Ich zitiere mal einen PCGH Redakteur in einem meiner Themen: 
_"...222 N sind Intels Maximalspezifikation für den maximalen statischen Kühleranpressdruck (minimal: 0 N), die CPU hält wesentlich mehr aus. Allein der ILM (Halterung der CPU im Sockel) ist mit 311 bis 600 N spezifiziert, um einen sicheren elektrischen Kontakt zu gewährleisten. (Zahlen für Sockel 1150) ..."_

10N entsprechen der Gewichtskraft von einem Kilogramm, oder anders gesagt, entsprechen 222N einer Gewichtskraft, die 22kg erzeugen. Passt also, Verletzungen sind natürlich unschön, Dir gut Besserung!


----------



## morsor (15. Juni 2017)

*AW: Pure rock slim lüfter anpressdruck und verletzungs gefahr*

@interessierterUser Der anpressdruck an das mainboard selbst ist in ordnung, der kühler wird ja nur mit push pins verbaut, es ging um die montage des lüfters an das kühlblech.
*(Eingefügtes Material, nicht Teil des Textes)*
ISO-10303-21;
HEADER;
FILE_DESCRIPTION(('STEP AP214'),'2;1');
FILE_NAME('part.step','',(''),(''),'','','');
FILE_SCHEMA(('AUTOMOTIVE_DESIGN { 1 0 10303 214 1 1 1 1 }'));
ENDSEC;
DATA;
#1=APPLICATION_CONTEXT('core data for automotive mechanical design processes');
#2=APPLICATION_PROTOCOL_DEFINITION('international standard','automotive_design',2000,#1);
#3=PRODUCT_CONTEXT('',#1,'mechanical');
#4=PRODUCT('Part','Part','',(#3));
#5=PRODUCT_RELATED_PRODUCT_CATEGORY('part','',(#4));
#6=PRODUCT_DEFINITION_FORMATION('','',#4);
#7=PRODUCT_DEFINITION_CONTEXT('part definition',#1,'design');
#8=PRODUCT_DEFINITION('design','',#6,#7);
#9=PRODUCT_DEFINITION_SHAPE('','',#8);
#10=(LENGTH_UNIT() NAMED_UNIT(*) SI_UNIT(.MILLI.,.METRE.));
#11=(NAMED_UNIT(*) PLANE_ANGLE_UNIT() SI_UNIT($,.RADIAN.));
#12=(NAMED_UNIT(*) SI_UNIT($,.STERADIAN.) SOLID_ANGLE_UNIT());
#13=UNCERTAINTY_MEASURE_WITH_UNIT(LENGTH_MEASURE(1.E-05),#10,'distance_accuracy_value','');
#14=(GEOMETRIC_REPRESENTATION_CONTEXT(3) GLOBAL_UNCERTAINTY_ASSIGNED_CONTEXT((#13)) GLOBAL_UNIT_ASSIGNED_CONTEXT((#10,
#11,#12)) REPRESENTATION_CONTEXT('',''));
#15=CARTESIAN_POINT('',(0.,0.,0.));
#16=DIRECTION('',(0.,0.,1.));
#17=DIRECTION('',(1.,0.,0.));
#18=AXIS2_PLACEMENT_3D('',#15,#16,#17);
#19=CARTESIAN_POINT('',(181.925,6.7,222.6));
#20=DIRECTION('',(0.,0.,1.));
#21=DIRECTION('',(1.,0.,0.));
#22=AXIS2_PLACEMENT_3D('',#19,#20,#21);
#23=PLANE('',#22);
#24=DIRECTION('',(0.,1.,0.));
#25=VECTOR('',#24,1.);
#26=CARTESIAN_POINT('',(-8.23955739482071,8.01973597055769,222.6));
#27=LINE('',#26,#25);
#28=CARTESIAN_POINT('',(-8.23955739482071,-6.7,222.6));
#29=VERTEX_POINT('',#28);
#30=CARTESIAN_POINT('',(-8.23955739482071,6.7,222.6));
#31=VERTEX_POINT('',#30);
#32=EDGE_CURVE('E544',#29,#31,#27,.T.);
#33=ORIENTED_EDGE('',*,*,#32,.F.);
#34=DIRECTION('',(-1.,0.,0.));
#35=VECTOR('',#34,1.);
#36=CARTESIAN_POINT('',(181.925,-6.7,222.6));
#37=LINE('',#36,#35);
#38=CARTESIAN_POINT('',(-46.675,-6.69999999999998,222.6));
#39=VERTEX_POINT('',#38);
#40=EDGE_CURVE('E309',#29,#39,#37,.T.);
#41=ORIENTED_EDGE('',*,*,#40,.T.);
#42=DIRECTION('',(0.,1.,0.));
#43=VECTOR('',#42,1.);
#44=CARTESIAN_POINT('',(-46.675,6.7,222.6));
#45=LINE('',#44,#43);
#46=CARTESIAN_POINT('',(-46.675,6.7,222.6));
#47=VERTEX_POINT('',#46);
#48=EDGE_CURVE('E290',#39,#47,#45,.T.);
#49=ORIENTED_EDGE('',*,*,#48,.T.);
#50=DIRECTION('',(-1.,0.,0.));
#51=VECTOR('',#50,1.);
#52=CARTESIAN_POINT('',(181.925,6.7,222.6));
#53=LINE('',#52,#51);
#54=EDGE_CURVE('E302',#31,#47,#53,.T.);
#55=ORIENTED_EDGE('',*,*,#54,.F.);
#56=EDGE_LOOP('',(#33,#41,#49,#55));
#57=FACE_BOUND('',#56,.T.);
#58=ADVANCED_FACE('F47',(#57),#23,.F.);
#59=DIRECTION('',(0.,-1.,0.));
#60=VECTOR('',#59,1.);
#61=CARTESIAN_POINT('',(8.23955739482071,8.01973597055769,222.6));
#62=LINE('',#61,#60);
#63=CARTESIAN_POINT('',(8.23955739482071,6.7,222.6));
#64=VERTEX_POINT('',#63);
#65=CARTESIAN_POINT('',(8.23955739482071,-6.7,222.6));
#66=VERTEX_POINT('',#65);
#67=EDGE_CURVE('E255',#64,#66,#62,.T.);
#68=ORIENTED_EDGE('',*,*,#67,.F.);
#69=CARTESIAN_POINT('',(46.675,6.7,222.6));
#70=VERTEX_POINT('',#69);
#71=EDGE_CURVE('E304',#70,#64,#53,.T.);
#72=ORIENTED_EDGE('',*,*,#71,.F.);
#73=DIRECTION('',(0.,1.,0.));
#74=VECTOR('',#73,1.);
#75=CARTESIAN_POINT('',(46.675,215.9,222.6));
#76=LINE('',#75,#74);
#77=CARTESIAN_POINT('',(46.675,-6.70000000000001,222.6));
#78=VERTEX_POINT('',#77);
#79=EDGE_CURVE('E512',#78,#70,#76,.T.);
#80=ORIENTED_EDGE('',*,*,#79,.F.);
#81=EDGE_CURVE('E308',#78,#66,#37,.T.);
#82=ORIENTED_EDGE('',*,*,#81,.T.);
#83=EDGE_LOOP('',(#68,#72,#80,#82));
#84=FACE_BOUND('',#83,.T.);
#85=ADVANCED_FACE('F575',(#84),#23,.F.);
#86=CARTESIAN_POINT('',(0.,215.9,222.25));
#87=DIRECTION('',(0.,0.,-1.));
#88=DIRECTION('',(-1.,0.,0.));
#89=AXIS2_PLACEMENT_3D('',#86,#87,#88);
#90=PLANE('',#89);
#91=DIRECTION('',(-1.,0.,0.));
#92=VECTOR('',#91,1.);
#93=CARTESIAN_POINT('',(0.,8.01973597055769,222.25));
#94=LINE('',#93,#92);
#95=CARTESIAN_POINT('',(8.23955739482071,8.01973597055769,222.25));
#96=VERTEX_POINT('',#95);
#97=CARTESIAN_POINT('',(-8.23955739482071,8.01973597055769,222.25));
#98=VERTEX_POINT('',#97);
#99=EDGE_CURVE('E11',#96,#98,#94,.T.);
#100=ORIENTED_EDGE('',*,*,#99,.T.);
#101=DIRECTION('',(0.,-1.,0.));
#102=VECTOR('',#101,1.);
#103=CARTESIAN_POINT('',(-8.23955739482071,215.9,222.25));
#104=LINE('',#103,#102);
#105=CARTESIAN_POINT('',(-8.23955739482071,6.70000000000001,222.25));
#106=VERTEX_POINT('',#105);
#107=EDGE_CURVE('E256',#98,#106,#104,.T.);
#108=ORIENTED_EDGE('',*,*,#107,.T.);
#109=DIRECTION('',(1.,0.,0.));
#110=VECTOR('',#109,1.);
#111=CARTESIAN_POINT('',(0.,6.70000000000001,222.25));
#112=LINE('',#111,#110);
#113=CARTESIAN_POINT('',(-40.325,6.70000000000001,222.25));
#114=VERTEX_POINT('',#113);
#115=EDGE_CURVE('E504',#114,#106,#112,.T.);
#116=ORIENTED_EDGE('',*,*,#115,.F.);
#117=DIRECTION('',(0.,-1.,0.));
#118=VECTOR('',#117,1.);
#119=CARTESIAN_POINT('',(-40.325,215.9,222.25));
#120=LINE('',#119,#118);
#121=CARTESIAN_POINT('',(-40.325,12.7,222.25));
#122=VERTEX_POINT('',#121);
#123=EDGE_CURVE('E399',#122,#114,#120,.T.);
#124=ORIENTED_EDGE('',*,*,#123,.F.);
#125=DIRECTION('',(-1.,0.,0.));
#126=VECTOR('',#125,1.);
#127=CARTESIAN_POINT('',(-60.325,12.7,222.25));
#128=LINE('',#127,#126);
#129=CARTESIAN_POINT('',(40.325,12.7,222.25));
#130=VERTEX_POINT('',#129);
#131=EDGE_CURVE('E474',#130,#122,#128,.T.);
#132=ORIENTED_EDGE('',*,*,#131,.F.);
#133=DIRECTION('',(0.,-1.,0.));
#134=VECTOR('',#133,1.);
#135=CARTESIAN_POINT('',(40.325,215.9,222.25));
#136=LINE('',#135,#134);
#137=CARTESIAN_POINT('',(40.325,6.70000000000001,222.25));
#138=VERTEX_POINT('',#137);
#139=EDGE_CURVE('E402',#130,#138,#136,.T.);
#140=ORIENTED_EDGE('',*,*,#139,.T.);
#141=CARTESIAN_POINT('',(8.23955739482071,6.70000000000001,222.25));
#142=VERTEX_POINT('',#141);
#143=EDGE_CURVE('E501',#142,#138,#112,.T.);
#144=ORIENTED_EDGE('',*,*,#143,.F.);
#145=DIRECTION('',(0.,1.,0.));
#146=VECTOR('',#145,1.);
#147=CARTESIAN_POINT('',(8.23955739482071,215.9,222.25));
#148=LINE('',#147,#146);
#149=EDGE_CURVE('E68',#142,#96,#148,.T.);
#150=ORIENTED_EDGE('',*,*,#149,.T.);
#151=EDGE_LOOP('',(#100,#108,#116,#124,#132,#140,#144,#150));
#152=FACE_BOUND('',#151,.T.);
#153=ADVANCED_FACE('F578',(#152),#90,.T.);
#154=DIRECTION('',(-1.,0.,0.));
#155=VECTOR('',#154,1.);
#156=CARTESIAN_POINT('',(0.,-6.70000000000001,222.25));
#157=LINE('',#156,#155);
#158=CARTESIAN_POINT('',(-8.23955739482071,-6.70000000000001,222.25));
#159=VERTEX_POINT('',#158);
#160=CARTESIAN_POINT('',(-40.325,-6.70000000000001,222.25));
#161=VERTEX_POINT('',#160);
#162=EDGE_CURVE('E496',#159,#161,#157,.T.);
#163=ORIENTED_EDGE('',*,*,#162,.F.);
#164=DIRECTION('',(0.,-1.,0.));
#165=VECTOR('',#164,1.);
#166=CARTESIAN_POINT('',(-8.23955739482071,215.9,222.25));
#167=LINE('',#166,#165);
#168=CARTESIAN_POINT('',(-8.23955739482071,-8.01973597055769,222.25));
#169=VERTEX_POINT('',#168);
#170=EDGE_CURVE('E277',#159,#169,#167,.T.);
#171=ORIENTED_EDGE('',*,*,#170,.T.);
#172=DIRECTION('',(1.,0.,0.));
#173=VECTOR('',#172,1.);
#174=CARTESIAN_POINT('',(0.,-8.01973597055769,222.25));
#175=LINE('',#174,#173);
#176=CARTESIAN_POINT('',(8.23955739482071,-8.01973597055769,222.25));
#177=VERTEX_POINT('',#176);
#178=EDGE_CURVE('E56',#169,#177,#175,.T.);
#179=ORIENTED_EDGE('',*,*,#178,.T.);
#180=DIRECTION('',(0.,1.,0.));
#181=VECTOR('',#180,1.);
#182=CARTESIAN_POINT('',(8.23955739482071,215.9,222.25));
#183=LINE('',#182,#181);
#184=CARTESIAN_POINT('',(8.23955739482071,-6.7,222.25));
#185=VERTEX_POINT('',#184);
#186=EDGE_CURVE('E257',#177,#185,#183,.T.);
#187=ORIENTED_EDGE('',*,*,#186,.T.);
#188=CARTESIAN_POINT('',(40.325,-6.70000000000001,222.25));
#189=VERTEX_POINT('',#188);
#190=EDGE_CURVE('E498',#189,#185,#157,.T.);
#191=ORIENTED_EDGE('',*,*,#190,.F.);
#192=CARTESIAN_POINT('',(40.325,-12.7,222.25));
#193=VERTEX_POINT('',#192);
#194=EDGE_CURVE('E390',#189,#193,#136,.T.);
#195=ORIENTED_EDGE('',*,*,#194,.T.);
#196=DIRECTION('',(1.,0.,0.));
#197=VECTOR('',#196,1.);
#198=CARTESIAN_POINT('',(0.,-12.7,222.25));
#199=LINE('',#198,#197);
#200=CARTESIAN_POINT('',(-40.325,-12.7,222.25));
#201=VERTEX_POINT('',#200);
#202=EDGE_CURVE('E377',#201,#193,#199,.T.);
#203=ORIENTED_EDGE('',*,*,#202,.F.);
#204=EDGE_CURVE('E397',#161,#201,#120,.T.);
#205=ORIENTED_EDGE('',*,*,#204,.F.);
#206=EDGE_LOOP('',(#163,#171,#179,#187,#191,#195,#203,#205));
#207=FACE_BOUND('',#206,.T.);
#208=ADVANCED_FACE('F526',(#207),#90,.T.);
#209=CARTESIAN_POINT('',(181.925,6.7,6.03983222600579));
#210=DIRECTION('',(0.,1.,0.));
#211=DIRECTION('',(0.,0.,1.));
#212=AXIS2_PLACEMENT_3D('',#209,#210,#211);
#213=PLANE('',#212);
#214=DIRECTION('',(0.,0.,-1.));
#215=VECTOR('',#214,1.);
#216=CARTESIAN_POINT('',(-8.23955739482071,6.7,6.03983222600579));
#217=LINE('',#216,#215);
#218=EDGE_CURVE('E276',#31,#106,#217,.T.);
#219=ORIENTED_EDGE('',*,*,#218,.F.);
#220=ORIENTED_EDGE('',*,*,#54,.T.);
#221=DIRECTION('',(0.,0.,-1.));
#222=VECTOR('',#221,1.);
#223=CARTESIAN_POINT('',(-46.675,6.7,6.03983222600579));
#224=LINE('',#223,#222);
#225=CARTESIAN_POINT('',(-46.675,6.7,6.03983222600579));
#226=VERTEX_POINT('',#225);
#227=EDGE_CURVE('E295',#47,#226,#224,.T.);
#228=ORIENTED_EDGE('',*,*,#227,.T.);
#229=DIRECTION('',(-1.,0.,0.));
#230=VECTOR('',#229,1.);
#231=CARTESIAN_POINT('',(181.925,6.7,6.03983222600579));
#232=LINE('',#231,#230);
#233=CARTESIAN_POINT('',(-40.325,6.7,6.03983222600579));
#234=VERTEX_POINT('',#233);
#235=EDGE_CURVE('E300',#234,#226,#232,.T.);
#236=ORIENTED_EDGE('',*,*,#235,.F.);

@Acandri ich hatte bereits ein gutes dutzend CPU kühler in der hand (und auch mehrere von BeQuiet) und die hatten alle nicht so einen exorbitant hohen anpressdruck. 
ich denke mal die befestigungs klammern die bequiet gewählt hat sind einfach nicht die beste walh für diesen kühler
und ja, ich hätte vielleicht werkzeug nutzen sollen,kam nur nicht auf die idee, da es noch nie nötig war bei den kühlern die ich bisher verbaut hatte


----------